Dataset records
☆ ☆ ☆ ☆ ☆ ☆ ☆
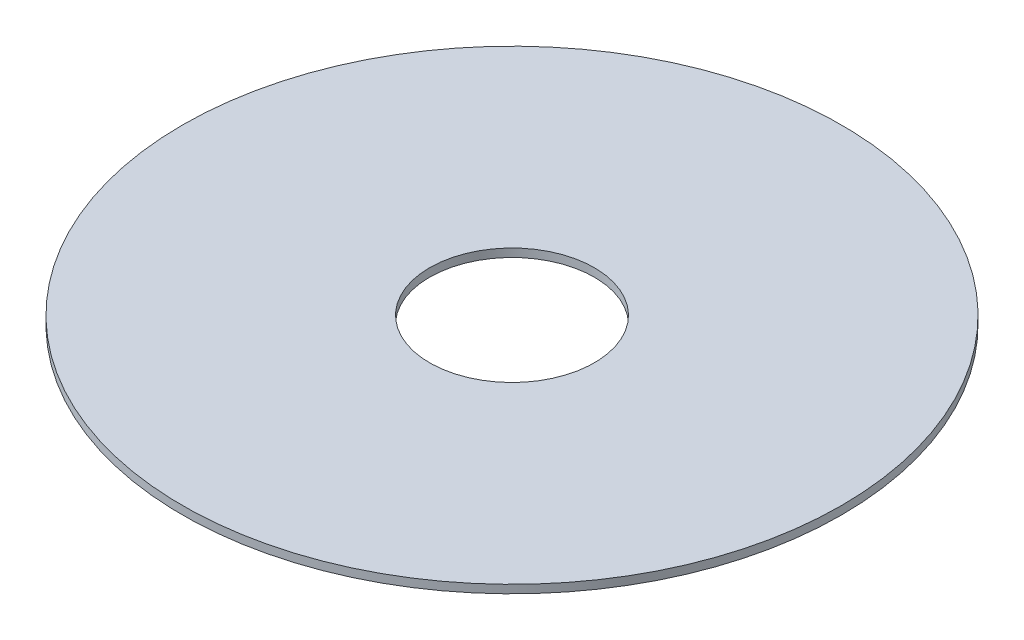
ISO-10303-21;
HEADER;
FILE_DESCRIPTION(('STEP AP214'),'2;1');
FILE_NAME('part.step','',(''),(''),'','','');
FILE_SCHEMA(('AUTOMOTIVE_DESIGN { 1 0 10303 214 1 1 1 1 }'));
ENDSEC;
DATA;
#1=APPLICATION_CONTEXT('core data for automotive mechanical design processes');
#2=APPLICATION_PROTOCOL_DEFINITION('international standard','automotive_design',2000,#1);
#3=PRODUCT_CONTEXT('',#1,'mechanical');
#4=PRODUCT('Part','Part','',(#3));
#5=PRODUCT_RELATED_PRODUCT_CATEGORY('part','',(#4));
#6=PRODUCT_DEFINITION_FORMATION('','',#4);
#7=PRODUCT_DEFINITION_CONTEXT('part definition',#1,'design');
#8=PRODUCT_DEFINITION('design','',#6,#7);
#9=PRODUCT_DEFINITION_SHAPE('','',#8);
#10=(LENGTH_UNIT() NAMED_UNIT(*) SI_UNIT(.MILLI.,.METRE.));
#11=(NAMED_UNIT(*) PLANE_ANGLE_UNIT() SI_UNIT($,.RADIAN.));
#12=(NAMED_UNIT(*) SI_UNIT($,.STERADIAN.) SOLID_ANGLE_UNIT());
#13=UNCERTAINTY_MEASURE_WITH_UNIT(LENGTH_MEASURE(1.E-05),#10,'distance_accuracy_value','');
#14=(GEOMETRIC_REPRESENTATION_CONTEXT(3) GLOBAL_UNCERTAINTY_ASSIGNED_CONTEXT((#13)) GLOBAL_UNIT_ASSIGNED_CONTEXT((#10,
#11,#12)) REPRESENTATION_CONTEXT('',''));
#15=CARTESIAN_POINT('',(0.,0.,0.));
#16=DIRECTION('',(0.,0.,1.));
#17=DIRECTION('',(1.,0.,0.));
#18=AXIS2_PLACEMENT_3D('',#15,#16,#17);
#19=CARTESIAN_POINT('',(0.,0.25,0.));
#20=DIRECTION('',(0.,1.,0.));
#21=DIRECTION('',(1.,0.,0.));
#22=AXIS2_PLACEMENT_3D('',#19,#20,#21);
#23=PLANE('',#22);
#24=CARTESIAN_POINT('',(0.,0.25,0.));
#25=DIRECTION('',(0.,1.,0.));
#26=DIRECTION('',(-1.,0.,0.));
#27=AXIS2_PLACEMENT_3D('',#24,#25,#26);
#28=CIRCLE('',#27,5.);
#29=CARTESIAN_POINT('',(-5.,0.25,0.));
#30=VERTEX_POINT('',#29);
#31=EDGE_CURVE('E9',#30,#30,#28,.T.);
#32=ORIENTED_EDGE('',*,*,#31,.F.);
#33=EDGE_LOOP('',(#32));
#34=FACE_BOUND('',#33,.T.);
#35=CARTESIAN_POINT('',(0.,0.25,0.));
#36=DIRECTION('',(0.,1.,0.));
#37=DIRECTION('',(-1.,0.,0.));
#38=AXIS2_PLACEMENT_3D('',#35,#36,#37);
#39=CIRCLE('',#38,20.);
#40=CARTESIAN_POINT('',(-20.,0.25,0.));
#41=VERTEX_POINT('',#40);
#42=EDGE_CURVE('E39',#41,#41,#39,.T.);
#43=ORIENTED_EDGE('',*,*,#42,.T.);
#44=EDGE_LOOP('',(#43));
#45=FACE_BOUND('',#44,.T.);
#46=ADVANCED_FACE('F14',(#34,#45),#23,.T.);
#47=CARTESIAN_POINT('',(0.,-0.25,0.));
#48=DIRECTION('',(0.,1.,0.));
#49=DIRECTION('',(1.,0.,0.));
#50=AXIS2_PLACEMENT_3D('',#47,#48,#49);
#51=PLANE('',#50);
#52=CARTESIAN_POINT('',(0.,-0.25,0.));
#53=DIRECTION('',(0.,1.,0.));
#54=DIRECTION('',(-1.,0.,0.));
#55=AXIS2_PLACEMENT_3D('',#52,#53,#54);
#56=CIRCLE('',#55,5.);
#57=CARTESIAN_POINT('',(-5.,-0.25,0.));
#58=VERTEX_POINT('',#57);
#59=EDGE_CURVE('E22',#58,#58,#56,.T.);
#60=ORIENTED_EDGE('',*,*,#59,.T.);
#61=EDGE_LOOP('',(#60));
#62=FACE_BOUND('',#61,.T.);
#63=CARTESIAN_POINT('',(0.,-0.25,0.));
#64=DIRECTION('',(0.,1.,0.));
#65=DIRECTION('',(-1.,0.,0.));
#66=AXIS2_PLACEMENT_3D('',#63,#64,#65);
#67=CIRCLE('',#66,20.);
#68=CARTESIAN_POINT('',(-20.,-0.25,0.));
#69=VERTEX_POINT('',#68);
#70=EDGE_CURVE('E31',#69,#69,#67,.T.);
#71=ORIENTED_EDGE('',*,*,#70,.F.);
#72=EDGE_LOOP('',(#71));
#73=FACE_BOUND('',#72,.T.);
#74=ADVANCED_FACE('F16',(#62,#73),#51,.F.);
#75=CARTESIAN_POINT('',(0.,0.,0.));
#76=DIRECTION('',(0.,1.,0.));
#77=DIRECTION('',(-1.,0.,0.));
#78=AXIS2_PLACEMENT_3D('',#75,#76,#77);
#79=CYLINDRICAL_SURFACE('',#78,5.);
#80=ORIENTED_EDGE('',*,*,#31,.T.);
#81=EDGE_LOOP('',(#80));
#82=FACE_BOUND('',#81,.T.);
#83=ORIENTED_EDGE('',*,*,#59,.F.);
#84=EDGE_LOOP('',(#83));
#85=FACE_BOUND('',#84,.T.);
#86=ADVANCED_FACE('F50',(#82,#85),#79,.F.);
#87=CARTESIAN_POINT('',(0.,0.,0.));
#88=DIRECTION('',(0.,1.,0.));
#89=DIRECTION('',(-1.,0.,0.));
#90=AXIS2_PLACEMENT_3D('',#87,#88,#89);
#91=CYLINDRICAL_SURFACE('',#90,20.);
#92=ORIENTED_EDGE('',*,*,#70,.T.);
#93=EDGE_LOOP('',(#92));
#94=FACE_BOUND('',#93,.T.);
#95=ORIENTED_EDGE('',*,*,#42,.F.);
#96=EDGE_LOOP('',(#95));
#97=FACE_BOUND('',#96,.T.);
#98=ADVANCED_FACE('F48',(#94,#97),#91,.T.);
#99=CLOSED_SHELL('',(#46,#74,#86,#98));
#100=MANIFOLD_SOLID_BREP('B1',#99);
#101=ADVANCED_BREP_SHAPE_REPRESENTATION('',(#18,#100),#14);
#102=SHAPE_DEFINITION_REPRESENTATION(#9,#101);
ENDSEC;
END-ISO-10303-21;
☆ ☆ ☆ ☆ ☆ ☆ ☆
Print exactly the lines above from the one with "#40=CARTESIAN_POINT('',(-20.,0.25,0.));" to the one with "#77=DIRECTION('',(-1.,0.,0.));", including both.

#40=CARTESIAN_POINT('',(-20.,0.25,0.));
#41=VERTEX_POINT('',#40);
#42=EDGE_CURVE('E39',#41,#41,#39,.T.);
#43=ORIENTED_EDGE('',*,*,#42,.T.);
#44=EDGE_LOOP('',(#43));
#45=FACE_BOUND('',#44,.T.);
#46=ADVANCED_FACE('F14',(#34,#45),#23,.T.);
#47=CARTESIAN_POINT('',(0.,-0.25,0.));
#48=DIRECTION('',(0.,1.,0.));
#49=DIRECTION('',(1.,0.,0.));
#50=AXIS2_PLACEMENT_3D('',#47,#48,#49);
#51=PLANE('',#50);
#52=CARTESIAN_POINT('',(0.,-0.25,0.));
#53=DIRECTION('',(0.,1.,0.));
#54=DIRECTION('',(-1.,0.,0.));
#55=AXIS2_PLACEMENT_3D('',#52,#53,#54);
#56=CIRCLE('',#55,5.);
#57=CARTESIAN_POINT('',(-5.,-0.25,0.));
#58=VERTEX_POINT('',#57);
#59=EDGE_CURVE('E22',#58,#58,#56,.T.);
#60=ORIENTED_EDGE('',*,*,#59,.T.);
#61=EDGE_LOOP('',(#60));
#62=FACE_BOUND('',#61,.T.);
#63=CARTESIAN_POINT('',(0.,-0.25,0.));
#64=DIRECTION('',(0.,1.,0.));
#65=DIRECTION('',(-1.,0.,0.));
#66=AXIS2_PLACEMENT_3D('',#63,#64,#65);
#67=CIRCLE('',#66,20.);
#68=CARTESIAN_POINT('',(-20.,-0.25,0.));
#69=VERTEX_POINT('',#68);
#70=EDGE_CURVE('E31',#69,#69,#67,.T.);
#71=ORIENTED_EDGE('',*,*,#70,.F.);
#72=EDGE_LOOP('',(#71));
#73=FACE_BOUND('',#72,.T.);
#74=ADVANCED_FACE('F16',(#62,#73),#51,.F.);
#75=CARTESIAN_POINT('',(0.,0.,0.));
#76=DIRECTION('',(0.,1.,0.));
#77=DIRECTION('',(-1.,0.,0.));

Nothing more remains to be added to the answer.